What lines of the data below hold the string "collections"? Copy each one.

• **Source records**:
((
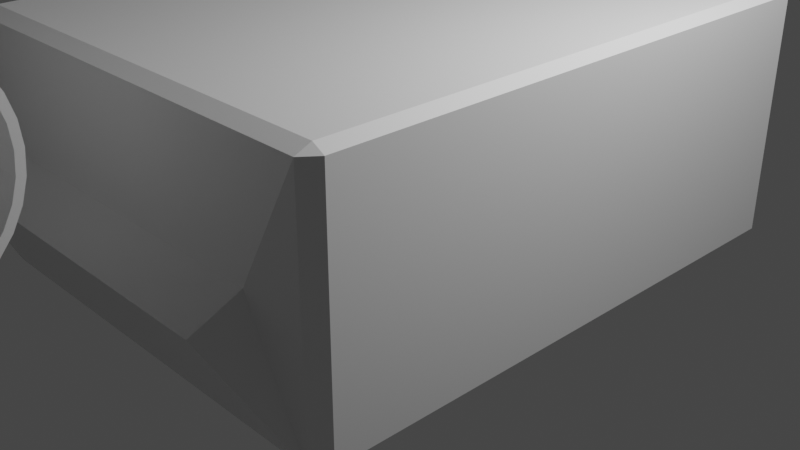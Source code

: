 # Source: Reeler.blend  (saved by Blender 3.6.13; exported with 4.5.12 LTS)
import bpy
from mathutils import Matrix  # noqa: F401  (used for matrix-valued properties, if any)

bpy.ops.wm.read_factory_settings(use_empty=True)
scene = bpy.context.scene
scene.name = 'Scene'

# ---- collections
col_collection = bpy.data.collections.new('Collection'); scene.collection.children.link(col_collection)

# ---- materials (node trees are filled in below, after node groups)
mat_material = bpy.data.materials.new('Material')
mat_material.alpha_threshold = 0.0
mat_material.use_transparent_shadow = False
mat_material.roughness = 0.5
mat_material.line_color = (0.0, 0.0, 0.0, 1.0)

# ---- material node trees
mat_material.use_nodes = True; mat_material.node_tree.nodes.clear()
_N = mat_material.node_tree.nodes; _L = mat_material.node_tree.links
n0 = _N.new('ShaderNodeOutputMaterial'); n0.name = 'Material Output'; n0.location = (300, 300)
n1 = _N.new('ShaderNodeBsdfPrincipled'); n1.name = 'Principled BSDF'; n1.location = (10, 300)
n1.distribution = 'GGX'
n1.subsurface_method = 'RANDOM_WALK_SKIN'
n1.inputs[3].default_value = 1.45
n1.inputs[27].default_value = (0.0, 0.0, 0.0, 1.0)
n1.inputs[28].default_value = 1.0
_L.new(n1.outputs[0], n0.inputs[0])
n0.is_active_output = True

# ---- world
world_world = bpy.data.worlds.new('World'); scene.world = world_world
world_world.use_nodes = True; world_world.node_tree.nodes.clear()
_N = world_world.node_tree.nodes; _L = world_world.node_tree.links
n0 = _N.new('ShaderNodeOutputWorld'); n0.name = 'World Output'; n0.location = (300, 300)
n1 = _N.new('ShaderNodeBackground'); n1.name = 'Background'; n1.location = (10, 300)
n1.inputs[0].default_value = (0.05088, 0.05088, 0.05088, 1.0)
_L.new(n1.outputs[0], n0.inputs[0])
n0.is_active_output = True
world_world.color = (0.05088, 0.05088, 0.05088)
world_world.use_sun_shadow = False
world_world.sun_shadow_jitter_overblur = 0.0

# ---- cameras
cam_camera = bpy.data.cameras.new('Camera')
cam_camera.clip_end = 100.0
cam_camera.ortho_scale = 7.314

# ---- lights
light_light = bpy.data.lights.new('Light', 'POINT')
light_light.transmission_factor = 0.0
light_light.energy = 1000.0
light_light.shadow_soft_size = 0.1
light_light.shadow_maximum_resolution = 0.006
light_light.use_absolute_resolution = True

# ---- meshes
me_cube = bpy.data.meshes.new('Cube')
me_cube.from_pydata([(0.9486, 1.0, 0.9486), (0.9486, 0.9486, 1.0), (1.0, 0.9486, 0.9486), (0.9486, 0.9486, -1.0), (0.9486, 1.0, -0.9486), (1.0, 0.9486, -0.9486), (1.0, -0.9486, 0.9486), (0.9486, -0.9486, 1.0), (0.7844, -1.064, 0.1531), (1.0, -0.9486, -0.9486), (0.7844, -1.223, -0.005686), (0.9486, -0.9486, -1.0), (-0.9486, 1.0, 0.9486), (-1.0, 0.9486, 0.9486), (-0.9486, 0.9486, 1.0), (-1.0, 0.9486, -0.9486), (-0.9486, 1.0, -0.9486), (-0.9486, 0.9486, -1.0), (-1.0, -0.9486, 0.9486), (-0.7844, -1.064, 0.1531), (-0.9486, -0.9486, 1.0), (-0.9486, -0.9486, -1.0), (-0.7844, -1.223, -0.005686), (-1.0, -0.9486, -0.9486), (-0.9486, -1.0, -0.9486), (-0.9486, -1.0, 0.9486), (0.9486, -1.0, 0.9486), (0.9486, -1.0, -0.9486)], [], [(17, 3, 11, 21), (23, 18, 13, 15), (10, 8, 19, 22), (1, 14, 20, 7), (5, 2, 6, 9), (0, 1, 2), (3, 4, 5), (6, 7, 26), (9, 27, 11), (12, 13, 14), (15, 16, 17), (18, 25, 20), (21, 24, 23), (17, 21, 23, 15), (3, 17, 16, 4), (2, 5, 4, 0), (24, 25, 18, 23), (26, 27, 9, 6), (12, 16, 15, 13), (7, 20, 25, 26), (1, 7, 6, 2), (21, 11, 27, 24), (20, 14, 13, 18), (14, 1, 0, 12), (11, 3, 5, 9), (16, 12, 0, 4), (22, 19, 25, 24), (8, 10, 27, 26), (19, 8, 26, 25), (10, 22, 24, 27)])
_uv = me_cube.uv_layers.new(name='UVMap')
_uv.uv.foreach_set('vector', [0.1314, 0.5064, 0.3686, 0.5064, 0.3686, 0.7436, 0.1314, 0.7436, 0.3814, 0.006424, 0.6186, 0.006424, 0.6186, 0.2436, 0.3814, 0.2436, 0.402, 0.777, 0.598, 0.777, 0.598, 0.973, 0.402, 0.973, 0.6314, 0.5064, 0.8686, 0.5064, 0.8686, 0.7436, 0.6314, 0.7436, 0.3814, 0.5064, 0.6186, 0.5064, 0.6186, 0.7436, 0.3814, 0.7436, 0.6186, 0.4936, 0.625, 0.4936, 0.6186, 0.5, 0.3686, 0.5064, 0.3686, 0.5, 0.375, 0.5064, 0.6186, 0.75, 0.625, 0.7564, 0.6186, 0.7564, 0.375, 0.7436, 0.3686, 0.75, 0.3686, 0.7436, 0.6186, 0.25, 0.6186, 0.2436, 0.625, 0.2436, 0.125, 0.5064, 0.1314, 0.5, 0.1314, 0.5064, 0.6186, 0.006424, 0.6186, 0.0, 0.625, 0.006424, 0.1314, 0.7436, 0.1314, 0.75, 0.125, 0.7436, 0.1314, 0.5064, 0.1314, 0.7436, 0.125, 0.7436, 0.125, 0.5064, 0.3686, 0.5064, 0.1314, 0.5064, 0.1314, 0.5, 0.3686, 0.5, 0.6186, 0.5064, 0.3814, 0.5064, 0.3814, 0.4936, 0.6186, 0.4936, 0.3814, 0.0, 0.6186, 0.0, 0.6186, 0.006424, 0.3814, 0.006424, 0.6186, 0.7564, 0.3814, 0.7564, 0.3814, 0.7436, 0.6186, 0.7436, 0.6186, 0.2564, 0.3814, 0.2564, 0.3814, 0.2436, 0.6186, 0.2436, 0.625, 0.7564, 0.625, 0.9936, 0.6186, 0.9936, 0.6186, 0.7564, 0.6314, 0.5064, 0.6314, 0.7436, 0.6186, 0.7436, 0.6186, 0.5064, 0.1314, 0.7436, 0.3686, 0.7436, 0.3686, 0.75, 0.1314, 0.75, 0.625, 0.006424, 0.625, 0.2436, 0.6186, 0.2436, 0.6186, 0.006424, 0.625, 0.2564, 0.625, 0.4936, 0.6186, 0.4936, 0.6186, 0.2564, 0.3686, 0.7436, 0.3686, 0.5064, 0.3814, 0.5064, 0.3814, 0.7436, 0.3814, 0.2564, 0.6186, 0.2564, 0.6186, 0.4936, 0.3814, 0.4936, 0.402, 0.973, 0.598, 0.973, 0.6186, 0.9936, 0.3814, 0.9936, 0.598, 0.777, 0.402, 0.777, 0.3814, 0.7564, 0.6186, 0.7564, 0.598, 0.973, 0.598, 0.777, 0.6186, 0.7564, 0.6186, 0.9936, 0.402, 0.777, 0.402, 0.973, 0.3814, 0.9936, 0.3814, 0.7564])
me_cube.materials.append(mat_material)
me_cube.use_mirror_vertex_groups = False
me_cube.update()
me_cylinder = bpy.data.meshes.new('Cylinder')
me_cylinder.from_pydata([(0.0, 1.0, -1.0), (0.0, 1.0, 1.0), (0.1951, 0.9808, -1.0), (0.1951, 0.9808, 1.0), (0.3827, 0.9239, -1.0), (0.3827, 0.9239, 1.0), (0.5556, 0.8315, -1.0), (0.5556, 0.8315, 1.0), (0.7071, 0.7071, -1.0), (0.7071, 0.7071, 1.0), (0.8315, 0.5556, -1.0), (0.8315, 0.5556, 1.0), (0.9239, 0.3827, -1.0), (0.9239, 0.3827, 1.0), (0.9808, 0.1951, -1.0), (0.9808, 0.1951, 1.0), (1.0, 0.0, -1.0), (1.0, 0.0, 1.0), (0.9808, -0.1951, -1.0), (0.9808, -0.1951, 1.0), (0.9239, -0.3827, -1.0), (0.9239, -0.3827, 1.0), (0.8315, -0.5556, -1.0), (0.8315, -0.5556, 1.0), (0.7071, -0.7071, -1.0), (0.7071, -0.7071, 1.0), (0.5556, -0.8315, -1.0), (0.5556, -0.8315, 1.0), (0.3827, -0.9239, -1.0), (0.3827, -0.9239, 1.0), (0.1951, -0.9808, -1.0), (0.1951, -0.9808, 1.0), (0.0, -1.0, -1.0), (0.0, -1.0, 1.0), (-0.1951, -0.9808, -1.0), (-0.1951, -0.9808, 1.0), (-0.3827, -0.9239, -1.0), (-0.3827, -0.9239, 1.0), (-0.5556, -0.8315, -1.0), (-0.5556, -0.8315, 1.0), (-0.7071, -0.7071, -1.0), (-0.7071, -0.7071, 1.0), (-0.8315, -0.5556, -1.0), (-0.8315, -0.5556, 1.0), (-0.9239, -0.3827, -1.0), (-0.9239, -0.3827, 1.0), (-0.9808, -0.1951, -1.0), (-0.9808, -0.1951, 1.0), (-1.0, 0.0, -1.0), (-1.0, 0.0, 1.0), (-0.9808, 0.1951, -1.0), (-0.9808, 0.1951, 1.0), (-0.9239, 0.3827, -1.0), (-0.9239, 0.3827, 1.0), (-0.8315, 0.5556, -1.0), (-0.8315, 0.5556, 1.0), (-0.7071, 0.7071, -1.0), (-0.7071, 0.7071, 1.0), (-0.5556, 0.8315, -1.0), (-0.5556, 0.8315, 1.0), (-0.3827, 0.9239, -1.0), (-0.3827, 0.9239, 1.0), (-0.1951, 0.9808, -1.0), (-0.1951, 0.9808, 1.0), (0.0, 0.9043, -1.0), (0.1764, 0.887, -1.0), (0.3461, 0.8355, -1.0), (0.5024, 0.7519, -1.0), (0.6395, 0.6395, -1.0), (0.7519, 0.5024, -1.0), (0.8355, 0.3461, -1.0), (0.887, 0.1764, -1.0), (0.9043, 0.0, -1.0), (0.887, -0.1764, -1.0), (0.8355, -0.3461, -1.0), (0.7519, -0.5024, -1.0), (0.6395, -0.6395, -1.0), (0.5024, -0.7519, -1.0), (0.3461, -0.8355, -1.0), (0.1764, -0.887, -1.0), (0.0, -0.9043, -1.0), (-0.1764, -0.887, -1.0), (-0.3461, -0.8355, -1.0), (-0.5024, -0.7519, -1.0), (-0.6395, -0.6395, -1.0), (-0.7519, -0.5024, -1.0), (-0.8355, -0.3461, -1.0), (-0.887, -0.1764, -1.0), (-0.9043, 0.0, -1.0), (-0.887, 0.1764, -1.0), (-0.8355, 0.3461, -1.0), (-0.7519, 0.5024, -1.0), (-0.6395, 0.6395, -1.0), (-0.5024, 0.7519, -1.0), (-0.3461, 0.8355, -1.0), (-0.1764, 0.887, -1.0), (0.0, 1.0, -1.0), (0.1951, 0.9808, -1.0), (0.1951, 0.9808, 1.0), (0.0, 1.0, 1.0), (0.3827, 0.9239, -1.0), (0.3827, 0.9239, 1.0), (0.5556, 0.8315, -1.0), (0.5556, 0.8315, 1.0), (0.7071, 0.7071, -1.0), (0.7071, 0.7071, 1.0), (0.8315, 0.5556, -1.0), (0.8315, 0.5556, 1.0), (0.9239, 0.3827, -1.0), (0.9239, 0.3827, 1.0), (0.9808, 0.1951, -1.0), (0.9808, 0.1951, 1.0), (1.0, 0.0, -1.0), (1.0, 0.0, 1.0), (0.9808, -0.1951, -1.0), (0.9808, -0.1951, 1.0), (0.9239, -0.3827, -1.0), (0.9239, -0.3827, 1.0), (0.8315, -0.5556, -1.0), (0.8315, -0.5556, 1.0), (0.7071, -0.7071, -1.0), (0.7071, -0.7071, 1.0), (0.5556, -0.8315, -1.0), (0.5556, -0.8315, 1.0), (0.3827, -0.9239, -1.0), (0.3827, -0.9239, 1.0), (0.1951, -0.9808, -1.0), (0.1951, -0.9808, 1.0), (0.0, -1.0, -1.0), (0.0, -1.0, 1.0), (-0.1951, -0.9808, -1.0), (-0.1951, -0.9808, 1.0), (-0.3827, -0.9239, -1.0), (-0.3827, -0.9239, 1.0), (-0.5556, -0.8315, -1.0), (-0.5556, -0.8315, 1.0), (-0.7071, -0.7071, -1.0), (-0.7071, -0.7071, 1.0), (-0.8315, -0.5556, -1.0), (-0.8315, -0.5556, 1.0), (-0.9239, -0.3827, -1.0), (-0.9239, -0.3827, 1.0), (-0.9808, -0.1951, -1.0), (-0.9808, -0.1951, 1.0), (-1.0, 0.0, -1.0), (-1.0, 0.0, 1.0), (-0.9808, 0.1951, -1.0), (-0.9808, 0.1951, 1.0), (-0.9239, 0.3827, -1.0), (-0.9239, 0.3827, 1.0), (-0.8315, 0.5556, -1.0), (-0.8315, 0.5556, 1.0), (-0.7071, 0.7071, -1.0), (-0.7071, 0.7071, 1.0), (-0.5556, 0.8315, -1.0), (-0.5556, 0.8315, 1.0), (-0.3827, 0.9239, -1.0), (-0.3827, 0.9239, 1.0), (-0.1951, 0.9808, -1.0), (-0.1951, 0.9808, 1.0), (0.0, 1.0, -1.0), (0.1951, 0.9808, -1.0), (0.1951, 0.9808, 1.0), (0.0, 1.0, 1.0), (0.3827, 0.9239, -1.0), (0.3827, 0.9239, 1.0), (0.5556, 0.8315, -1.0), (0.5556, 0.8315, 1.0), (0.7071, 0.7071, -1.0), (0.7071, 0.7071, 1.0), (0.8315, 0.5556, -1.0), (0.8315, 0.5556, 1.0), (0.9239, 0.3827, -1.0), (0.9239, 0.3827, 1.0), (0.9808, 0.1951, -1.0), (0.9808, 0.1951, 1.0), (1.0, 0.0, -1.0), (1.0, 0.0, 1.0), (0.9808, -0.1951, -1.0), (0.9808, -0.1951, 1.0), (0.9239, -0.3827, -1.0), (0.9239, -0.3827, 1.0), (0.8315, -0.5556, -1.0), (0.8315, -0.5556, 1.0), (0.7071, -0.7071, -1.0), (0.7071, -0.7071, 1.0), (0.5556, -0.8315, -1.0), (0.5556, -0.8315, 1.0), (0.3827, -0.9239, -1.0), (0.3827, -0.9239, 1.0), (0.1951, -0.9808, -1.0), (0.1951, -0.9808, 1.0), (0.0, -1.0, -1.0), (0.0, -1.0, 1.0), (-0.1951, -0.9808, -1.0), (-0.1951, -0.9808, 1.0), (-0.3827, -0.9239, -1.0), (-0.3827, -0.9239, 1.0), (-0.5556, -0.8315, -1.0), (-0.5556, -0.8315, 1.0), (-0.7071, -0.7071, -1.0), (-0.7071, -0.7071, 1.0), (-0.8315, -0.5556, -1.0), (-0.8315, -0.5556, 1.0), (-0.9239, -0.3827, -1.0), (-0.9239, -0.3827, 1.0), (-0.9808, -0.1951, -1.0), (-0.9808, -0.1951, 1.0), (-1.0, 0.0, -1.0), (-1.0, 0.0, 1.0), (-0.9808, 0.1951, -1.0), (-0.9808, 0.1951, 1.0), (-0.9239, 0.3827, -1.0), (-0.9239, 0.3827, 1.0), (-0.8315, 0.5556, -1.0), (-0.8315, 0.5556, 1.0), (-0.7071, 0.7071, -1.0), (-0.7071, 0.7071, 1.0), (-0.5556, 0.8315, -1.0), (-0.5556, 0.8315, 1.0), (-0.3827, 0.9239, -1.0), (-0.3827, 0.9239, 1.0), (-0.1951, 0.9808, -1.0), (-0.1951, 0.9808, 1.0), (0.0, 1.0, -1.0), (0.1951, 0.9808, -1.0), (0.1951, 0.9808, 2.047), (-8.425e-09, 1.0, 2.047), (0.3827, 0.9239, -1.0), (0.3827, 0.9239, 2.047), (0.5556, 0.8315, -1.0), (0.5556, 0.8315, 2.047), (0.7071, 0.7071, -1.0), (0.7071, 0.7071, 2.047), (0.8315, 0.5556, -1.0), (0.8315, 0.5556, 2.047), (0.9239, 0.3827, -1.0), (0.9239, 0.3827, 2.047), (0.9808, 0.1951, -1.0), (0.9808, 0.1951, 2.047), (1.0, 0.0, -1.0), (1.0, 0.0, 2.047), (0.9808, -0.1951, -1.0), (0.9808, -0.1951, 2.047), (0.9239, -0.3827, -1.0), (0.9239, -0.3827, 2.047), (0.8315, -0.5556, -1.0), (0.8315, -0.5556, 2.047), (0.7071, -0.7071, -1.0), (0.7071, -0.7071, 2.047), (0.5556, -0.8315, -1.0), (0.5556, -0.8315, 2.047), (0.3827, -0.9239, -1.0), (0.3827, -0.9239, 2.047), (0.1951, -0.9808, -1.0), (0.1951, -0.9808, 2.047), (0.0, -1.0, -1.0), (-8.425e-09, -1.0, 2.047), (-0.1951, -0.9808, -1.0), (-0.1951, -0.9808, 2.047), (-0.3827, -0.9239, -1.0), (-0.3827, -0.9239, 2.047), (-0.5556, -0.8315, -1.0), (-0.5556, -0.8315, 2.047), (-0.7071, -0.7071, -1.0), (-0.7071, -0.7071, 2.047), (-0.8315, -0.5556, -1.0), (-0.8315, -0.5556, 2.047), (-0.9239, -0.3827, -1.0), (-0.9239, -0.3827, 2.047), (-0.9808, -0.1951, -1.0), (-0.9808, -0.1951, 2.047), (-1.0, 0.0, -1.0), (-1.0, 0.0, 2.047), (-0.9808, 0.1951, -1.0), (-0.9808, 0.1951, 2.047), (-0.9239, 0.3827, -1.0), (-0.9239, 0.3827, 2.047), (-0.8315, 0.5556, -1.0), (-0.8315, 0.5556, 2.047), (-0.7071, 0.7071, -1.0), (-0.7071, 0.7071, 2.047), (-0.5556, 0.8315, -1.0), (-0.5556, 0.8315, 2.047), (-0.3827, 0.9239, -1.0), (-0.3827, 0.9239, 2.047), (-0.1951, 0.9808, -1.0), (-0.1951, 0.9808, 2.047), (0.0, 0.9273, -1.0), (0.1809, 0.9094, -1.0), (0.1809, 0.9094, 2.047), (-8.425e-09, 0.9273, 2.047), (0.3548, 0.8567, -1.0), (0.3548, 0.8567, 2.047), (0.5152, 0.771, -1.0), (0.5152, 0.771, 2.047), (0.6557, 0.6557, -1.0), (0.6557, 0.6557, 2.047), (0.771, 0.5152, -1.0), (0.771, 0.5152, 2.047), (0.8567, 0.3548, -1.0), (0.8567, 0.3548, 2.047), (0.9094, 0.1809, -1.0), (0.9094, 0.1809, 2.047), (0.9273, 0.0, -1.0), (0.9273, 0.0, 2.047), (0.9094, -0.1809, -1.0), (0.9094, -0.1809, 2.047), (0.8567, -0.3548, -1.0), (0.8567, -0.3548, 2.047), (0.771, -0.5152, -1.0), (0.771, -0.5152, 2.047), (0.6557, -0.6557, -1.0), (0.6557, -0.6557, 2.047), (0.5152, -0.771, -1.0), (0.5152, -0.771, 2.047), (0.3548, -0.8567, -1.0), (0.3548, -0.8567, 2.047), (0.1809, -0.9094, -1.0), (0.1809, -0.9094, 2.047), (0.0, -0.9273, -1.0), (-8.425e-09, -0.9273, 2.047), (-0.1809, -0.9094, -1.0), (-0.1809, -0.9094, 2.047), (-0.3548, -0.8567, -1.0), (-0.3548, -0.8567, 2.047), (-0.5152, -0.771, -1.0), (-0.5152, -0.771, 2.047), (-0.6557, -0.6557, -1.0), (-0.6557, -0.6557, 2.047), (-0.771, -0.5152, -1.0), (-0.771, -0.5152, 2.047), (-0.8567, -0.3548, -1.0), (-0.8567, -0.3548, 2.047), (-0.9094, -0.1809, -1.0), (-0.9094, -0.1809, 2.047), (-0.9273, 0.0, -1.0), (-0.9273, 0.0, 2.047), (-0.9094, 0.1809, -1.0), (-0.9094, 0.1809, 2.047), (-0.8567, 0.3548, -1.0), (-0.8567, 0.3548, 2.047), (-0.771, 0.5152, -1.0), (-0.771, 0.5152, 2.047), (-0.6557, 0.6557, -1.0), (-0.6557, 0.6557, 2.047), (-0.5152, 0.771, -1.0), (-0.5152, 0.771, 2.047), (-0.3548, 0.8567, -1.0), (-0.3548, 0.8567, 2.047), (-0.1809, 0.9094, -1.0), (-0.1809, 0.9094, 2.047), (0.1764, 0.887, 1.725), (5.744e-09, 0.9043, 1.725), (0.3461, 0.8355, 1.725), (0.5024, 0.7519, 1.725), (0.6395, 0.6395, 1.725), (0.7519, 0.5024, 1.725), (0.8355, 0.3461, 1.725), (0.887, 0.1764, 1.725), (0.9043, 0.0, 1.725), (0.887, -0.1764, 1.725), (0.8355, -0.3461, 1.725), (0.7519, -0.5024, 1.725), (0.6395, -0.6395, 1.725), (0.5024, -0.7519, 1.725), (0.3461, -0.8355, 1.725), (0.1764, -0.887, 1.725), (5.744e-09, -0.9043, 1.725), (-0.1764, -0.887, 1.725), (-0.3461, -0.8355, 1.725), (-0.5024, -0.7519, 1.725), (-0.6395, -0.6395, 1.725), (-0.7519, -0.5024, 1.725), (-0.8355, -0.3461, 1.725), (-0.887, -0.1764, 1.725), (-0.9043, 0.0, 1.725), (-0.887, 0.1764, 1.725), (-0.8355, 0.3461, 1.725), (-0.7519, 0.5024, 1.725), (-0.6395, 0.6395, 1.725), (-0.5024, 0.7519, 1.725), (-0.3461, 0.8355, 1.725), (-0.1764, 0.887, 1.725), (0.0728, 0.366, 1.725), (0.1764, 0.887, 1.725), (5.744e-09, 0.9043, 1.725), (-2.906e-07, 0.3732, 1.725), (0.1428, 0.3448, 1.725), (0.3461, 0.8355, 1.725), (0.2073, 0.3103, 1.725), (0.5024, 0.7519, 1.725), (0.2639, 0.2639, 1.725), (0.6395, 0.6395, 1.725), (0.3103, 0.2073, 1.725), (0.7519, 0.5024, 1.725), (0.3448, 0.1428, 1.725), (0.8355, 0.3461, 1.725), (0.366, 0.0728, 1.725), (0.887, 0.1764, 1.725), (0.3732, -3.725e-09, 1.725), (0.9043, 0.0, 1.725), (0.366, -0.0728, 1.725), (0.887, -0.1764, 1.725), (0.3448, -0.1428, 1.725), (0.8355, -0.3461, 1.725), (0.3103, -0.2073, 1.725), (0.7519, -0.5024, 1.725), (0.2639, -0.2639, 1.725), (0.6395, -0.6395, 1.725), (0.2073, -0.3103, 1.725), (0.5024, -0.7519, 1.725), (0.1428, -0.3448, 1.725), (0.3461, -0.8355, 1.725), (0.0728, -0.366, 1.725), (0.1764, -0.887, 1.725), (-2.943e-07, -0.3732, 1.725), (5.744e-09, -0.9043, 1.725), (-0.0728, -0.366, 1.725), (-0.1764, -0.887, 1.725), (-0.1428, -0.3448, 1.725), (-0.3461, -0.8355, 1.725), (-0.2073, -0.3103, 1.725), (-0.5024, -0.7519, 1.725), (-0.2639, -0.2639, 1.725), (-0.6395, -0.6395, 1.725), (-0.3103, -0.2073, 1.725), (-0.7519, -0.5024, 1.725), (-0.3448, -0.1428, 1.725), (-0.8355, -0.3461, 1.725), (-0.366, -0.0728, 1.725), (-0.887, -0.1764, 1.725), (-0.3732, 3.725e-09, 1.725), (-0.9043, 0.0, 1.725), (-0.366, 0.0728, 1.725), (-0.887, 0.1764, 1.725), (-0.3448, 0.1428, 1.725), (-0.8355, 0.3461, 1.725), (-0.3103, 0.2073, 1.725), (-0.7519, 0.5024, 1.725), (-0.2639, 0.2639, 1.725), (-0.6395, 0.6395, 1.725), (-0.2073, 0.3103, 1.725), (-0.5024, 0.7519, 1.725), (-0.1428, 0.3448, 1.725), (-0.3461, 0.8355, 1.725), (-0.0728, 0.366, 1.725), (-0.1764, 0.887, 1.725), (-3.996e-07, 0.3732, 2.052), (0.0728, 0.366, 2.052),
))
• **TASK ANSWER**:
# ---- collections
col_collection = bpy.data.collections.new('Collection'); scene.collection.children.link(col_collection)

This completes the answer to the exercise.